The project starts when we, Ambra and Rubi, met in San Cristóbal de las Casas, Chiapas, Mexico, in 2016. At the time, Ambra was working in a human rights center in defense of the indigenous peoples and Rubi was investigating social, environmental and gender inequalities as an anthropologist in San Juan Cancuc, a Tzeltal community belonging to the Maya ethnicity. There, she analyzed how women were using cultural practices to adapt to climate change, and there she discovered the smiling faces of women who were organizing themselves to escape the poverty in which they were living with their families. The first approaches were difficult: the language, the marginalization, the situation of extreme poverty and the structural gender-based violence that are felt in the streets of the community, made the intervention complicated, but Doña Juana and Victoria opened the doors of their community and those of their house. There, Rubi discovered their art. She was hugely impressed and became passionate about these women and their work. Motivated by a commitment of reciprocity, Rubi shared this passion with Ambra. We offered Victoria to make a video showing the process of the back-strap loom to thank her for her hospitality.
We started making several shots, interviewed women, visited their homes, as we became more and more aware of the reality of young Mayan women like Victoria living in the third poorest municipality in Mexico where 97% of the population lives in poverty, where more than half of the women are illiterate and do not speak Spanish and only 9% participates in an economic activity. Victoria’s story and her ability to steer an all-female weaver’s collective in these circumstances deserve much more than just a promotional video. Together with Victoria, we decided her story was worth a documentary. The investigative work and the communication that we maintained at a distance with Victoria allowed us to return to the community in September 2018.

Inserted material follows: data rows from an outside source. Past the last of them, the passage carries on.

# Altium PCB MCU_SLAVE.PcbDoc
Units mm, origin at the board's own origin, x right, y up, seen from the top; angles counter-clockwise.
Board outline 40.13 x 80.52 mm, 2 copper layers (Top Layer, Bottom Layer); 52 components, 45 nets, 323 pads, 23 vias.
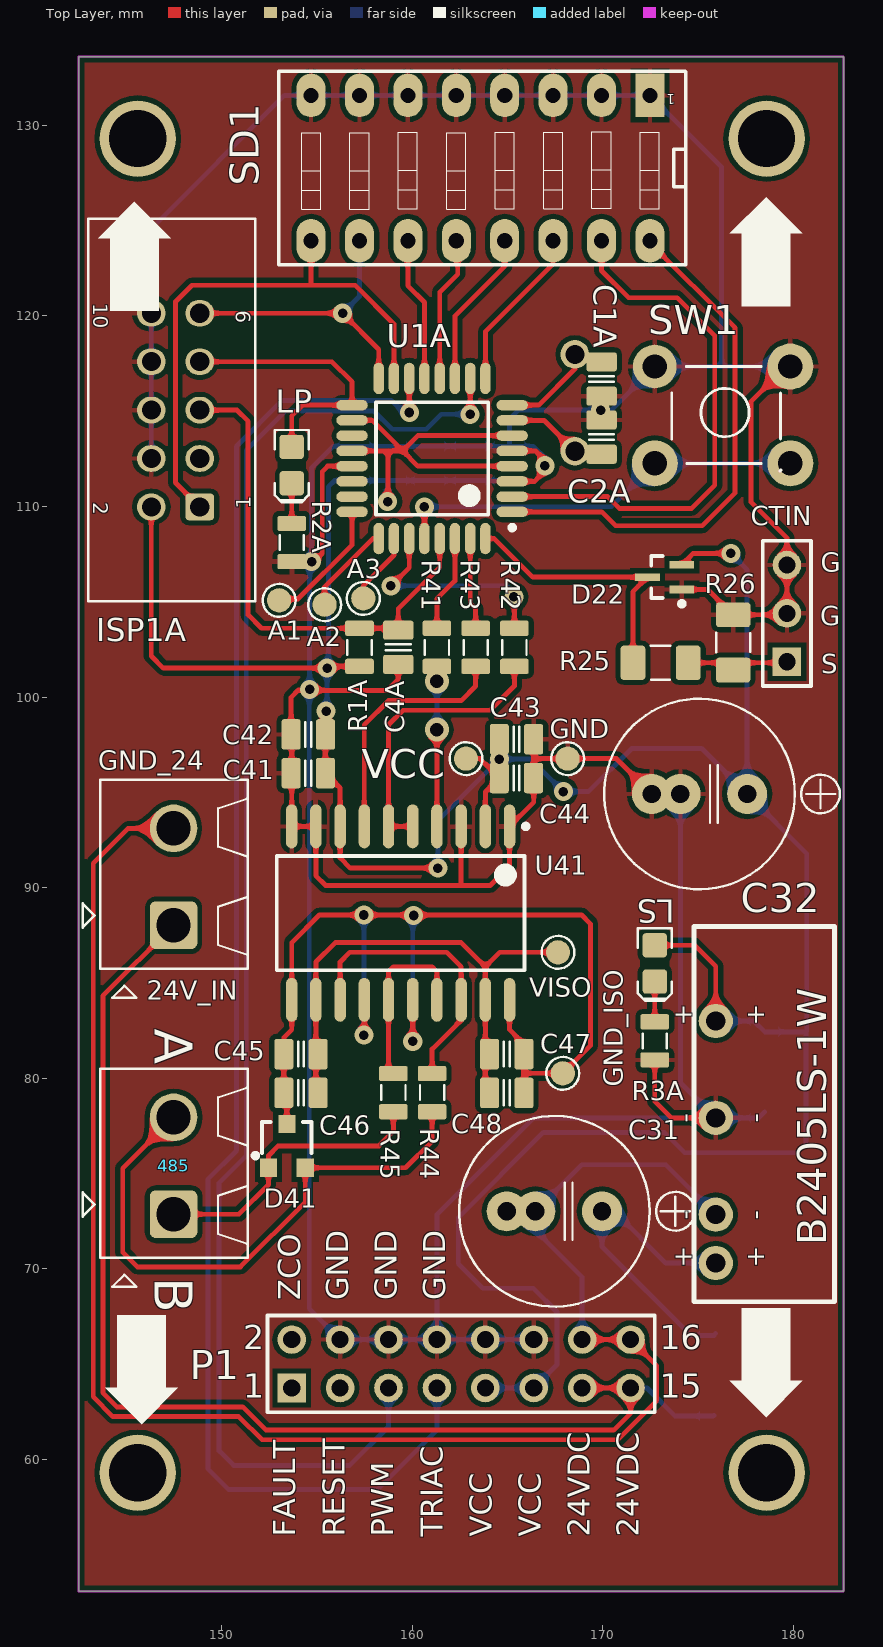
[diagram p0: Top Layer view]
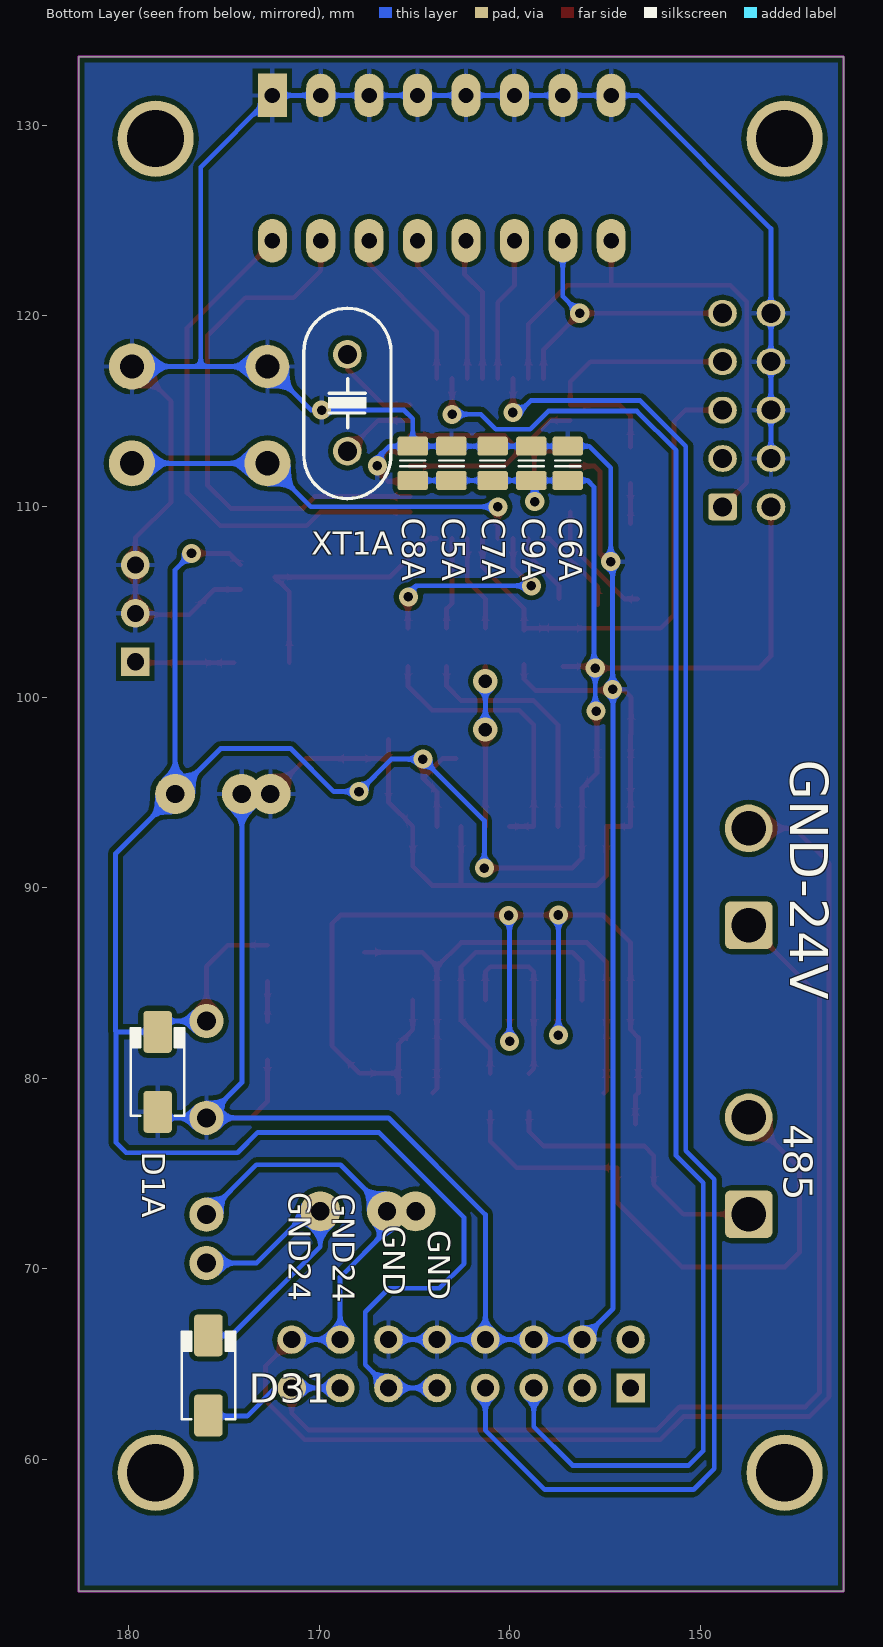
[diagram p1: Bottom Layer view, seen from below]
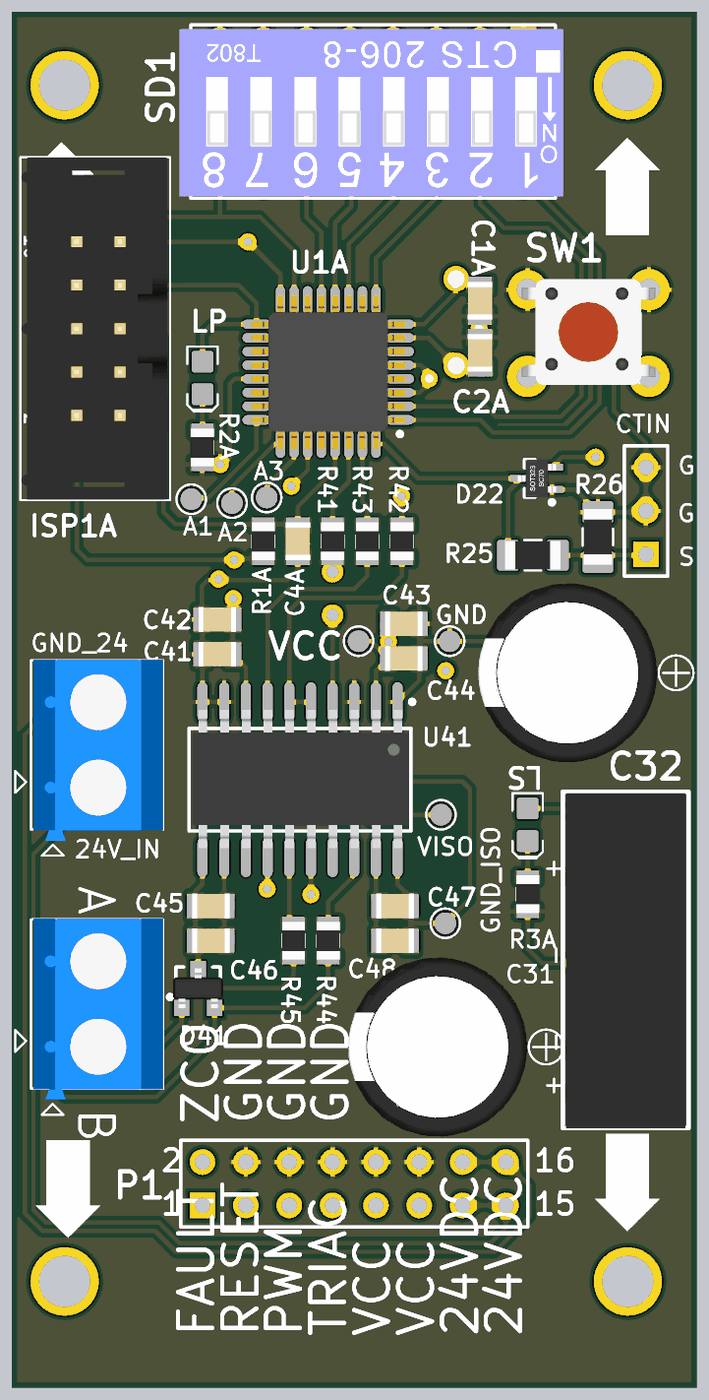
[diagram p2: 3D render of the assembled board from above, using the file's embedded part models]
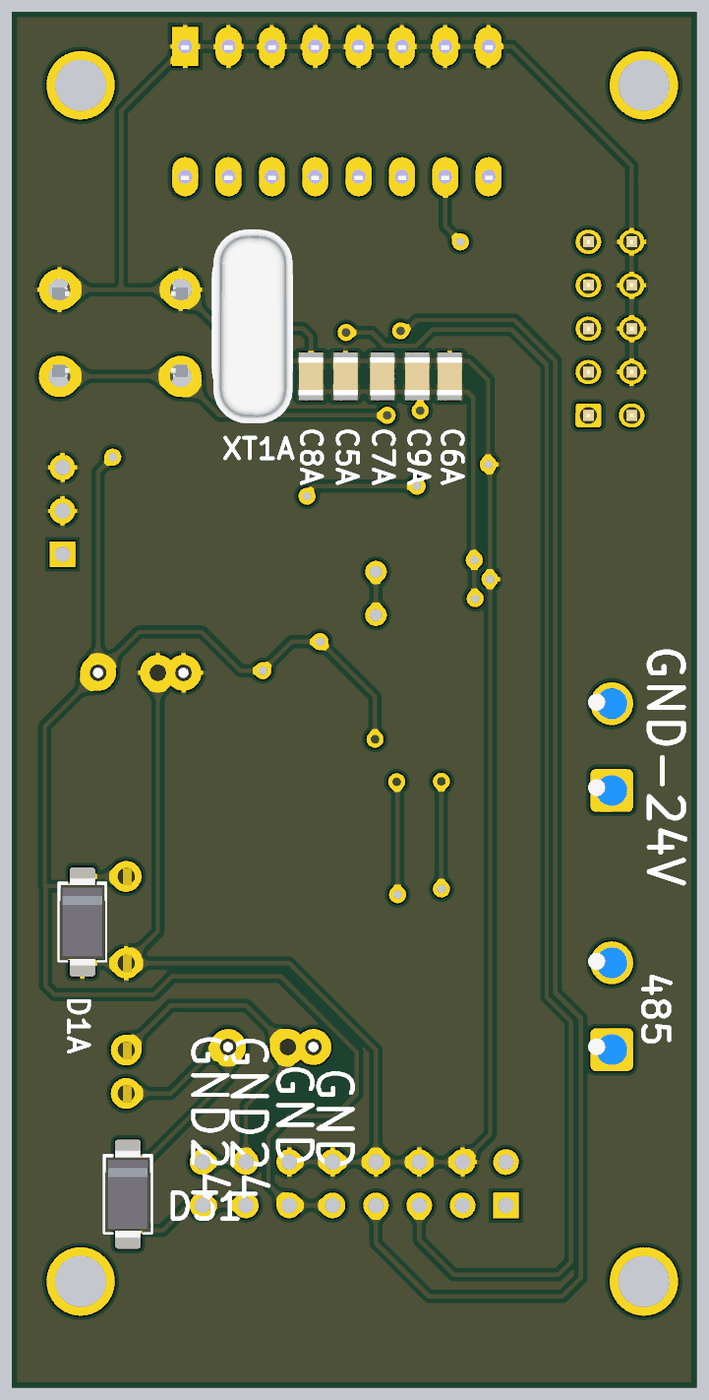
[diagram p3: 3D render of the assembled board from below, using the file's embedded part models]

## Layer stack, top to bottom
Top Solder: solder mask 0.0102, Solder Resist, Dk 3.5
Top Layer: signal copper 0.0356
Dielectric 1: dielectric 0.32, FR-4, Dk 4.8
Bottom Layer: signal copper 0.0356
Bottom Solder: solder mask 0.0102, Solder Resist, Dk 3.5

## Board outline
142.494,53.086 182.626,53.086 182.626,133.604 142.494,133.604

## Design rules (kind name [scope] priority, off if disabled: settings)
Clearance [All] p1: gap=0.254 ignorepadtopadclearanceinfootprint=TRUE except(0: Arc-Hole Track-Hole SMDPad-Hole THPad-Hole Via-Hole Fill-Hole Poly-Hole Region-Hole Text-Hole)
PolygonConnect [All] p1: connectstyle=Relief reliefconductorwidth=0.254 reliefentries=4 polygonreliefangle="90 Angle" airgapwidth=0.254
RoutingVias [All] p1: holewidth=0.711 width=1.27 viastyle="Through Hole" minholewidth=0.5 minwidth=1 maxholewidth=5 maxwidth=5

“Junax, thread by thread” is a story of female legacy and empowerment. It shows how standing together can make quite the difference, and the resilience of whom suffers double institutional discrimination. Day by day and thread by thread, the women are working hard within a context of inequality and social injustice to create opportunities for the future generation.
The ultimate basis of the documentary “Junax”, meaning “Together” in Tzeltal language, is the union of three women from such diverse social and cultural background as are Victoria, Rubi and Ambra. Together, they imagined, conceived and developed “Junax, thread by thread” to give the world a feminine perspective of resilience, solidarity, creativity and work.